(Dataset items)
______________________________

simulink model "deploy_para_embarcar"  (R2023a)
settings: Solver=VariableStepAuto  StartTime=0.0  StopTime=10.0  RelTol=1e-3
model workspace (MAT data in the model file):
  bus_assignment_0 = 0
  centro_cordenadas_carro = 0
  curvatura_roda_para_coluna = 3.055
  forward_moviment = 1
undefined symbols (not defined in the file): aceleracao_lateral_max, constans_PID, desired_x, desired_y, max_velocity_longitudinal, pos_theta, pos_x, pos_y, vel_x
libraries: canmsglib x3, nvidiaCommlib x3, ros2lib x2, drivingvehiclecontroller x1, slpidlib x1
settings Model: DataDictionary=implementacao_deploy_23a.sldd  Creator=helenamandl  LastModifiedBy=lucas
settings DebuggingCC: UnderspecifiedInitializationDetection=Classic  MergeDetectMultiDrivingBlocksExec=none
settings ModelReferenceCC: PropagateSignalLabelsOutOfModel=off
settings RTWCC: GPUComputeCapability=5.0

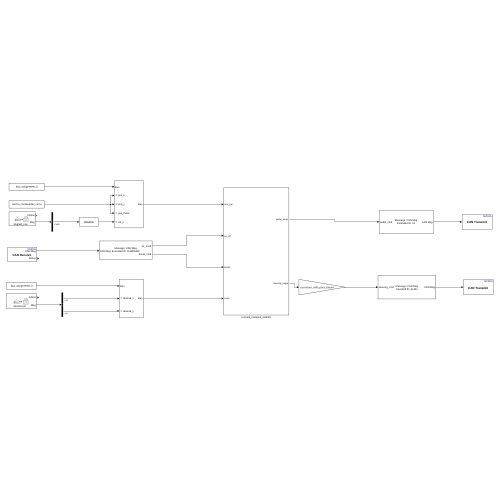
[thumbnail: Simulink's stored preview of the top-level diagram]
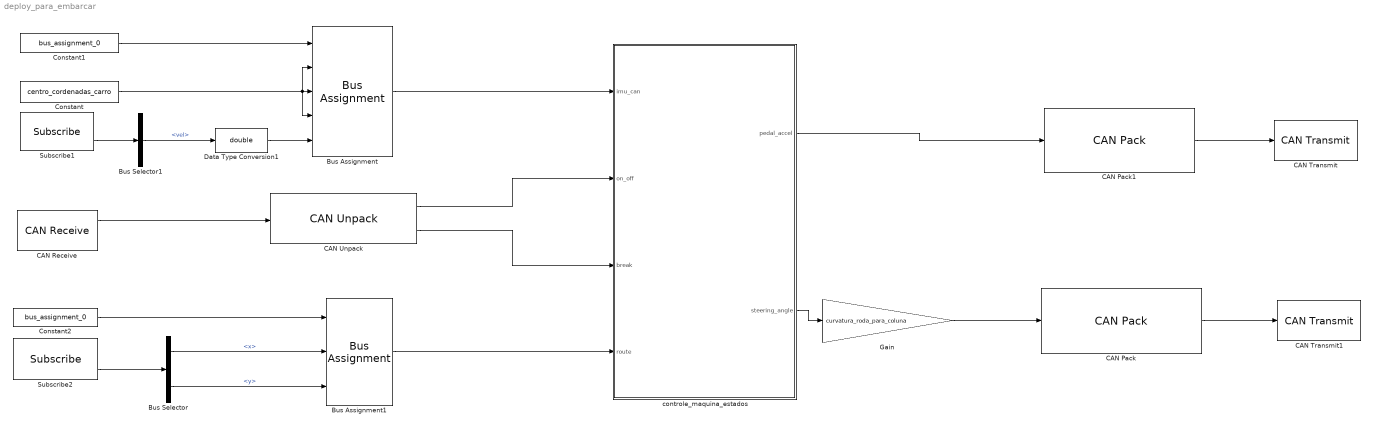
== system deploy_para_embarcar ==
  Bus Assignment : BusAssignment  AssignedSignals=pos_x,pos_y,pos_theta,vel_x
  Bus Assignment1 : BusAssignment  AssignedSignals=desired_x,desired_y
  Bus Selector : BusSelector  OutputSignals=pose.position.x,pose.position.y
  Bus Selector1 : BusSelector  OutputSignals=vel
  CAN Pack : canmsglib/CAN Pack  MsgList=(none)  MsgName=CAN Msg  MsgIDType=Standard (11-bit identifier)  MsgIdentifier=0x401  MsgLength=4  Remote=off  ApplyMinMax=off  BusOutput=on  SignalInfo={ 'steering_cmd', '24', '32', 'BE', 'signed', 'Standard', '0', '10000', '0', '-Inf', 'Inf' }
      settings: LibrarySourceBlock=c2000lib/Target Communication/CAN Pack  DataFormat=manually specified signals
  CAN Pack1 : canmsglib/CAN Pack  MsgList=(none)  MsgName=CAN Msg  MsgIDType=Extended (29-bit identifier)  MsgIdentifier=13  MsgLength=1  Remote=off  ApplyMinMax=off  BusOutput=on  SignalInfo={ 'pedal_cmd', '0', '8', 'LE', 'unsigned', 'Standard', '0', '1', '0', '0', '100' }
      settings: LibrarySourceBlock=c2000lib/Target Communication/CAN Pack  DataFormat=manually specified signals
  CAN Receive : nvidiaCommlib/CAN Receive  DeviceID=can0  SetupCAN=off  TypeofCAN=Real  OutputDataType=CAN Msg  IdentifierType=Extended (29-bit identifier)  MessageId=0x18ff1080  MsgLength=8  SampleTime=0.005  OutputError=off  OutputRemote=off  SimulateUsing=Code generation
      settings: SourceProductName=Communication
  CAN Transmit : nvidiaCommlib/CAN Transmit  DeviceID=vcan0  SetupCAN=off  TypeofCAN=Real  InputDataType=CAN Msg  BlockingMode_=off  BlockTimeout_=1  OutputStatus=off  IdentifierType=Standard (11-bit identifier)  MessageId=13  MsgLength=8  RemoteFrame=off  SimulateUsing=Code generation
      settings: SourceProductName=Communication
  CAN Transmit1 : nvidiaCommlib/CAN Transmit  DeviceID=vcan0  SetupCAN=off  TypeofCAN=Real  InputDataType=CAN Msg  BlockingMode_=off  BlockTimeout_=1  OutputStatus=off  IdentifierType=Extended (29-bit identifier)  MessageId=0x401  MsgLength=4  RemoteFrame=off  SimulateUsing=Code generation
      settings: SourceProductName=Communication
  CAN Unpack : canmsglib/CAN Unpack  MsgList=(none)  MsgName=CAN Msg  MsgIDType=Extended (29-bit identifier)  MsgIdentifier=0x18ff1080  MsgLength=4  SignalInfo={ 'hv_onoff', '0', '2', 'LE', 'signed', 'Standard', '0', '1', '0', '0', '3'; 'break_cmd', '3', '8', 'LE', 'signed', 'Standard', '1', '1', '0', '0', '255' }  IDPort=off  TimestampPort=off  ErrorPort=off  RemotePort=off  LengthPort=off  StatusPort=off  ApplyMinMax=off
      settings: LibrarySourceBlock=embeddedtargetslib/Host Communication/CAN Unpack
  Constant : Constant  Value=centro_cordenadas_carro
  Constant1 : Constant  Value=bus_assignment_0  OutDataTypeStr=Bus: bus_imu
  Constant2 : Constant  Value=bus_assignment_0  OutDataTypeStr=Bus: bus_route
  Data Type Conversion1 : DataTypeConversion  OutDataTypeStr=double  SaturateOnIntegerOverflow=off  RndMeth=Floor
  Gain : Gain  Gain=curvatura_roda_para_coluna
  Subscribe1 : ros2lib/Subscribe  topicSource=Specify your own  topic=/sbg/ekf_nav  messageType=geometry_msgs/TwistStamped  sampleTime=ts_ros2  QOSHistory=Keep last  QOSDepth=10  QOSReliability=Reliable  QOSDurability=Volatile  QOSDeadline=Inf  QOSLifespan=Inf  QOSLiveliness=Automatic  QOSLeaseDuration=Inf  QOSAvoidROSNamespaceConventions=off
  Subscribe2 : ros2lib/Subscribe  topicSource=Specify your own  topic=/teste/route  messageType=geometry_msgs/PoseStamped  sampleTime=ts_ros2  QOSHistory=Keep last  QOSDepth=10  QOSReliability=Reliable  QOSDurability=Volatile  QOSDeadline=Inf  QOSLifespan=Inf  QOSLiveliness=Automatic  QOSLeaseDuration=Inf  QOSAvoidROSNamespaceConventions=off
  controle_maquina_estados : Subsystem
  wires:
  CAN Pack/1 -> CAN Transmit1/1
  Gain/1 -> CAN Pack/1
  controle_maquina_estados/1(pedal_accel) -> CAN Pack1/1
  Bus Assignment1/1 -> controle_maquina_estados/4(route)
  CAN Unpack/1 -> controle_maquina_estados/2(on_off)
  Bus Assignment/1 -> controle_maquina_estados/1(imu_can)
  Bus Selector/2 -> Bus Assignment1/3  "<y>"
  Subscribe1/2 -> Bus Selector1/1
  Bus Selector1/1 -> Data Type Conversion1/1  "<vel>"
  CAN Pack1/1 -> CAN Transmit/1
  Constant2/1 -> Bus Assignment1/1
  CAN Unpack/2 -> controle_maquina_estados/3(break)
  Subscribe2/2 -> Bus Selector/1
  controle_maquina_estados/2(steering_angle) -> Gain/1
  Data Type Conversion1/1 -> Bus Assignment/5
  Bus Selector/1 -> Bus Assignment1/2  "<x>"
  Constant1/1 -> Bus Assignment/1
  CAN Receive/1 -> CAN Unpack/1
  Constant/1 -> Bus Assignment/2, Bus Assignment/4, Bus Assignment/3

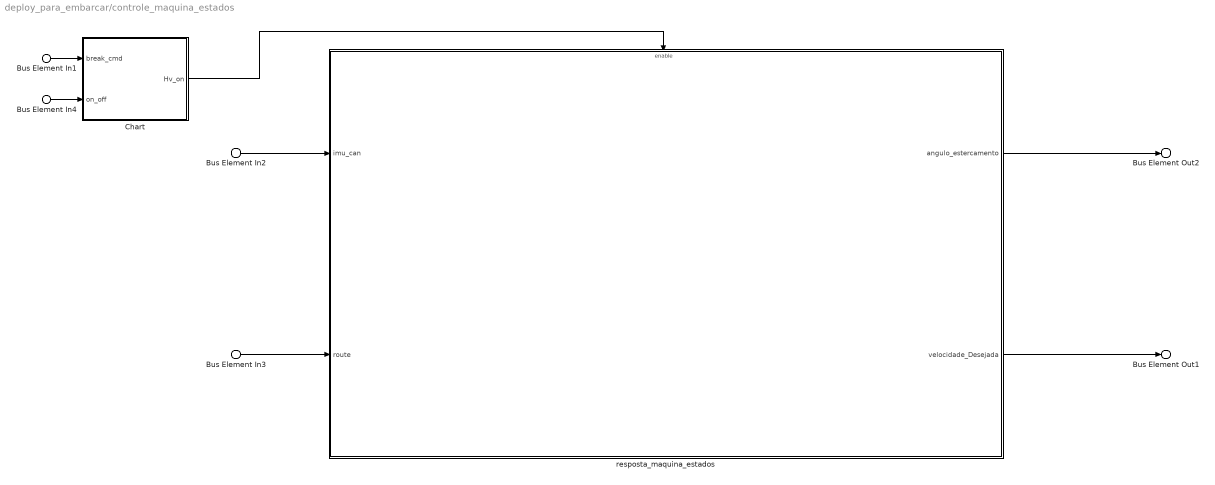
== system deploy_para_embarcar/controle_maquina_estados ==
  Bus Element In2 : Inport  PortName=imu_can
  Bus Element In4 : Inport  Port=2  PortName=on_off
  Bus Element In1 : Inport  Port=3  PortName=break
  Bus Element In3 : Inport  Port=4  PortName=route
  Chart : Stateflow chart  TreatAsAtomicUnit=on
  resposta_maquina_estados : Subsystem
  Bus Element Out1 : Outport  PortName=pedal_accel
  Bus Element Out2 : Outport  Port=2  PortName=steering_angle
  wires:
  Bus Element In1/1 -> Chart/1(break_cmd)
  resposta_maquina_estados/1(angulo_estercamento) -> Bus Element Out2/1
  resposta_maquina_estados/2(velocidade_Desejada) -> Bus Element Out1/1
  Chart/1(Hv_on) -> resposta_maquina_estados/Enable
  Bus Element In4/1 -> Chart/2(on_off)
  Bus Element In2/1 -> resposta_maquina_estados/1(imu_can)
  Bus Element In3/1 -> resposta_maquina_estados/2(route)

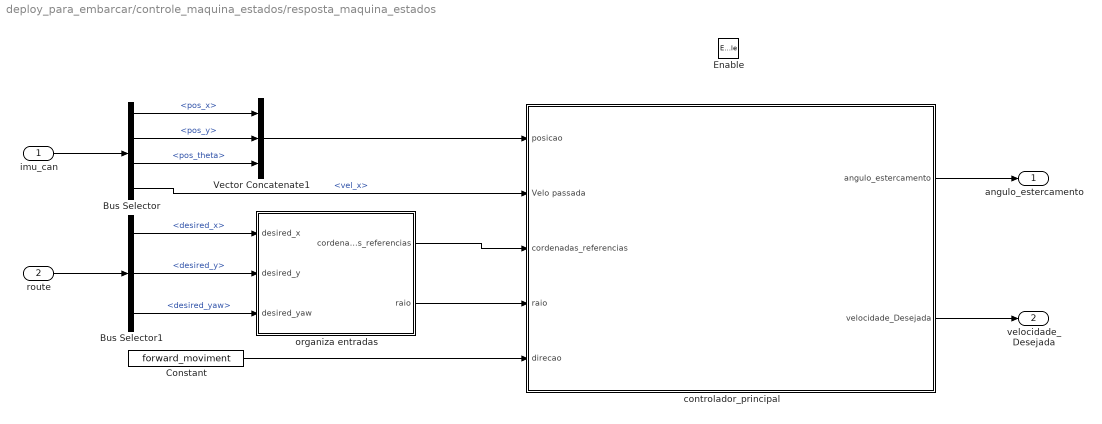
== system deploy_para_embarcar/controle_maquina_estados/resposta_maquina_estados ==
  imu_can : Inport
  route : Inport  Port=2
  Enable : EnablePort
  Bus Selector : BusSelector  OutputSignals=pos_x,pos_y,pos_theta,vel_x
  Bus Selector1 : BusSelector  OutputSignals=desired_x,desired_y,desired_yaw
  Constant : Constant  Value=forward_moviment
  Vector Concatenate1 : Concatenate  NumInputs=3
  controlador_principal : Subsystem
  organiza entradas : Subsystem
  angulo_estercamento : Outport
  velocidade_Desejada : Outport  Port=2
  wires:
  Bus Selector/4 -> controlador_principal/2(Velo passada)  "<vel_x>"
  controlador_principal/1(angulo_estercamento) -> angulo_estercamento/1
  Bus Selector/1 -> Vector Concatenate1/1  "<pos_x>"
  Bus Selector1/1 -> organiza entradas/1(desired_x)  "<desired_x>"
  Bus Selector/2 -> Vector Concatenate1/2  "<pos_y>"
  imu_can/1 -> Bus Selector/1
  Bus Selector1/2 -> organiza entradas/2(desired_y)  "<desired_y>"
  organiza entradas/1(cordenadas_referencias) -> controlador_principal/3(cordenadas_referencias)
  Bus Selector1/3 -> organiza entradas/3(desired_yaw)  "<desired_yaw>"
  route/1 -> Bus Selector1/1
  Bus Selector/3 -> Vector Concatenate1/3  "<pos_theta>"
  controlador_principal/2(velocidade_Desejada) -> velocidade_Desejada/1
  Vector Concatenate1/1 -> controlador_principal/1(posicao)
  Constant/1 -> controlador_principal/5(direcao)
  organiza entradas/2(raio) -> controlador_principal/4(raio)

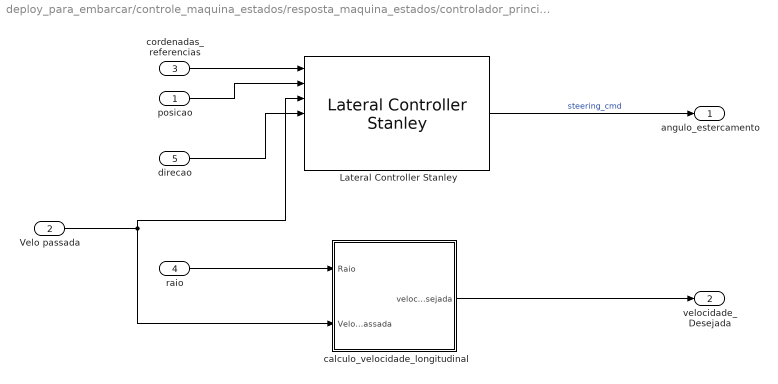
== system deploy_para_embarcar/controle_maquina_estados/resposta_maquina_estados/controlador_principal ==
  posicao : Inport
  Velo passada : Inport  Port=2
  cordenadas_referencias : Inport  Port=3
  raio : Inport  Port=4
  direcao : Inport  Port=5
  Lateral Controller Stanley : drivingvehiclecontroller/Lateral Controller Stanley  ModelType=Dynamic bicycle model  PositionGainF=stanley_kpfw  PositionGainR=stanley_kprv  YawRateGain=1  DelayGain=0.2  VehicleMass=230  Lf=1.4  Lr=1.6  TireStiffness=12e3  Wheelbase=wheelbase  MaxSteeringAngle=max_steering_angle
  calculo_velocidade_longitudinal : Subsystem
  angulo_estercamento : Outport  OutMax=[0]  PortDimensions=1
  velocidade_Desejada : Outport  Port=2
  wires:
  direcao/1 -> Lateral Controller Stanley/4
  posicao/1 -> Lateral Controller Stanley/2
  cordenadas_referencias/1 -> Lateral Controller Stanley/1
  calculo_velocidade_longitudinal/1(velocidade_desejada) -> velocidade_Desejada/1
  Velo passada/1 -> Lateral Controller Stanley/3, calculo_velocidade_longitudinal/2(Velo passada)
  raio/1 -> calculo_velocidade_longitudinal/1(Raio)
  Lateral Controller Stanley/1 -> angulo_estercamento/1  "steering_cmd"

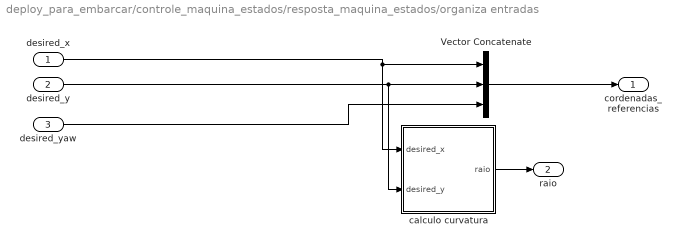
== system deploy_para_embarcar/controle_maquina_estados/resposta_maquina_estados/organiza entradas ==
  desired_x : Inport
  desired_y : Inport  Port=2
  desired_yaw : Inport  Port=3
  Vector Concatenate : Concatenate  NumInputs=3
  calculo curvatura : Subsystem
  cordenadas_referencias : Outport
  raio : Outport  Port=2
  wires:
  desired_yaw/1 -> Vector Concatenate/3
  Vector Concatenate/1 -> cordenadas_referencias/1
  desired_y/1 -> calculo curvatura/2(desired_y), Vector Concatenate/2
  desired_x/1 -> calculo curvatura/1(desired_x), Vector Concatenate/1
  calculo curvatura/1(raio) -> raio/1

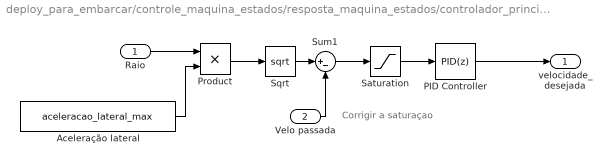
== system deploy_para_embarcar/controle_maquina_estados/resposta_maquina_estados/controlador_principal/calculo_velocidade_longitudinal ==
  note: Corrigir a saturaçao
  Raio : Inport
  Velo passada : Inport  Port=2
  Aceleração lateral : Constant  Value=aceleracao_lateral_max
  PID Controller : slpidlib/PID Controller  Controller=PID  Form=Parallel  TimeDomain=Discrete-time  UseExternalTs=off  SampleTime=-1  IntegratorMethod=Forward Euler  FilterMethod=Forward Euler  ControllerParametersSource=internal  P=constans_PID(1)  I=constans_PID(2)  UseKiTs=off  D=constans_PID(3)  N=constans_PID(4)  UseFilter=on  TunerSelectOption=Transfer Function Based (PID Tuner App)  InitialConditionSource=internal  InitialConditionForIntegrator=0  InitialConditionForFilter=0  DifferentiatorICPrevScaledInput=0  ExternalReset=none  TrackingMode=off  Kt=1  LimitOutput=off  SatLimitsSource=internal  UpperSaturationLimit=12  LowerSaturationLimit=-12  LinearizeAsGain=on  AntiWindupMode=none  Kb=1  LimitIntegrator=off  UpperIntegratorSaturationLimit=inf  LowerIntegratorSaturationLimit=-inf  POutMin=[]  POutMax=[]  IOutMin=[]  IOutMax=[]  DOutMin=[]  DOutMax=[]  NOutMin=[]  NOutMax=[]  SumOutMin=[]  SumOutMax=[]  SaturationOutMin=[]  SaturationOutMax=[]  PParamMin=[]  PParamMax=[]  IParamMin=[]  IParamMax=[]  DParamMin=[]  DParamMax=[]  NParamMin=[]  NParamMax=[]  KbParamMin=[]  KbParamMax=[]  KtParamMin=[]  KtParamMax=[]  KbOutMin=[]  KbOutMax=[]  KtOutMin=[]  KtOutMax=[]  IntegratorOutMin=[]  IntegratorOutMax=[]  FilterOutMin=[]  FilterOutMax=[]  SumI1OutMin=[]  SumI1OutMax=[]  SumI2OutMin=[]  SumI2OutMax=[]  SumI3OutMin=[]  SumI3OutMax=[]  SumI4OutMin=[]  SumI4OutMax=[]  SumDOutMin=[]  SumDOutMax=[]  DifferentiatorOutMin=[]  DifferentiatorOutMax=[]  FilterDiffOutCoefMin=[]  FilterDiffOutCoefMax=[]  ReciprocalOutMin=[]  ReciprocalOutMax=[]  SumDenOutMin=[]  SumDenOutMax=[]  SumNumOutMin=[]  SumNumOutMax=[]  DivideOutMin=[]  DivideOutMax=[]  UdiffTsProdOutMin=[]  UdiffTsProdOutMax=[]  NTsProdOutMin=[]  NTsProdOutMax=[]  UintegralTsProdOutMin=[]  UintegralTsProdOutMax=[]  UngainTsProdOutMin=[]  UngainTsProdOutMax=[]  ClampingZeroOutDataTypeStr=Inherit: Inherit via back propagation  ClampingZeroOutMin=[]  ClampingZeroOutMax=[]  FilterDenConstantOutDataTypeStr=Inherit: Inherit via back propagation  FilterDenConstantOutMin=[]  FilterDenConstantOutMax=[]  PCopyOutDataTypeStr=Inherit: Inherit via back propagation  PCopyOutMin=[]  PCopyOutMax=[]  NCopyOutDataTypeStr=Inherit: Inherit via back propagation  NCopyOutMin=[]  NCopyOutMax=[]  IntegratorContinuousStateAttributes=''  IntegratorStateMustResolveToSignalObject=off  IntegratorRTWStateStorageClass=Auto  FilterContinuousStateAttributes=''  FilterStateMustResolveToSignalObject=off  FilterRTWStateStorageClass=Auto  ParallelPVariant=InternalParameters  IdealPVariant=Disabled  IVariant=InternalParameters  DVariant=InternalParameters  IntegratorVariant=Discrete  SatVariant=Disabled  AWVariant=Passthrough  PCopyVariant=Disabled  TRVariant=Disabled  FdbkBlocksVariant=Forward  IdealPFdbkVariant=Disabled  SatFdbkVariant=Disabled  DerivativeFilterVariant=ForwardEulerFilter  NVariant=InternalParameters  NCopyVariant=Disabled  FilterICVariant=InternalICsFilter  IntegratorICVariant=InternalICs  ExternalResetVariant=Disabled  TRSumVariant=Passthrough  SumFdbkVariant=Disabled  SumVariant=Sum_PID  TsampFilterVariant=InternalTs  TsampNgainVariant=Passthrough  TsampIntegralVariant=Disabled_SignalSpec  ExternalSaturationOutDataTypeStr=Inherit: Same as second input
  Product : Product
  Saturation : Saturate  UpperLimit=max_velocity_longitudinal  LowerLimit=0
      settings: AttributesFormatString=Velocidade maxima do carro=%<UpperLimit>
  Sqrt : Sqrt
  Sum1 : Sum  Inputs=|+-
  velocidade_desejada : Outport
  wires:
  Saturation/1 -> PID Controller/1
  Sum1/1 -> Saturation/1
  PID Controller/1 -> velocidade_desejada/1
  Product/1 -> Sqrt/1
  Aceleração lateral/1 -> Product/2
  Sqrt/1 -> Sum1/1
  Raio/1 -> Product/1
  Velo passada/1 -> Sum1/2

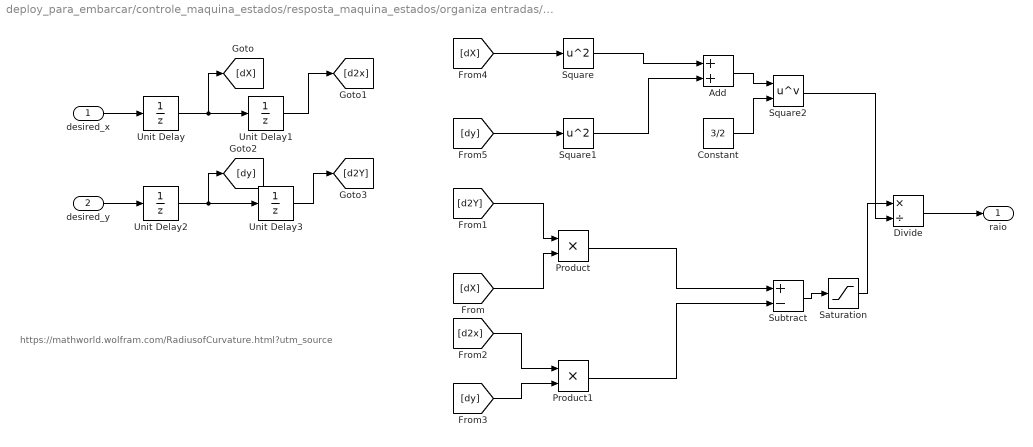
== system deploy_para_embarcar/controle_maquina_estados/resposta_maquina_estados/organiza entradas/calculo curvatura ==
  note: https://mathworld.wolfram.com/RadiusofCurvature.html?utm_source
  desired_x : Inport
  desired_y : Inport  Port=2
  Add : Sum
  Constant : Constant  Value=3/2
  Divide : Product  Inputs=*/
  Product : Product
  Product1 : Product
  Saturation : Saturate  UpperLimit=10000  LowerLimit=0.00001
  Square : Math  Operator=square
  Square1 : Math  Operator=square
  Square2 : Math  Operator=pow
  Subtract : Sum  Inputs=+-
  Unit Delay{,1..3} (4 alike) : UnitDelay  SampleTime=-1  HasFrameUpgradeWarning=on
  raio : Outport
  wires:
  [dX] -> Square/1
  [d2x] -> Product1/1
  desired_x/1 -> Unit Delay/1
  [dy] -> Product1/2
  Product/1 -> Subtract/1
  Unit Delay1/1 -> [d2x]
  Add/1 -> Square2/1
  Unit Delay/1 -> [dX], Unit Delay1/1
  Square1/1 -> Add/2
  [d2Y] -> Product/1
  [dy] -> Square1/1
  Product1/1 -> Subtract/2
  [dX] -> Product/2
  desired_y/1 -> Unit Delay2/1
  Unit Delay2/1 -> [dy], Unit Delay3/1
  Constant/1 -> Square2/2
  Unit Delay3/1 -> [d2Y]
  Divide/1 -> raio/1
  Square2/1 -> Divide/2
  Subtract/1 -> Saturation/1
  Saturation/1 -> Divide/1
  Square/1 -> Add/1

== stateflow chart deploy_para_embarcar/controle_maquina_estados/Chart ==
  state Idle
  state HV
    entry:
    Hv_on = 1;
  (default) -> Idle
  Idle -> HV : [on_off==true]
  HV -> Idle : [(on_off == false) || (break_cmd == true) ]
  data: break_cmd input; on_off input; Hv_on output

______________________________

Your task —
Give back the lines of the data exactly as they are written, from the first line through the line containing "undefined symbols (not".

Response —
simulink model "deploy_para_embarcar"  (R2023a)
settings: Solver=VariableStepAuto  StartTime=0.0  StopTime=10.0  RelTol=1e-3
model workspace (MAT data in the model file):
  bus_assignment_0 = 0
  centro_cordenadas_carro = 0
  curvatura_roda_para_coluna = 3.055
  forward_moviment = 1
undefined symbols (not defined in the file): aceleracao_lateral_max, constans_PID, desired_x, desired_y, max_velocity_longitudinal, pos_theta, pos_x, pos_y, vel_x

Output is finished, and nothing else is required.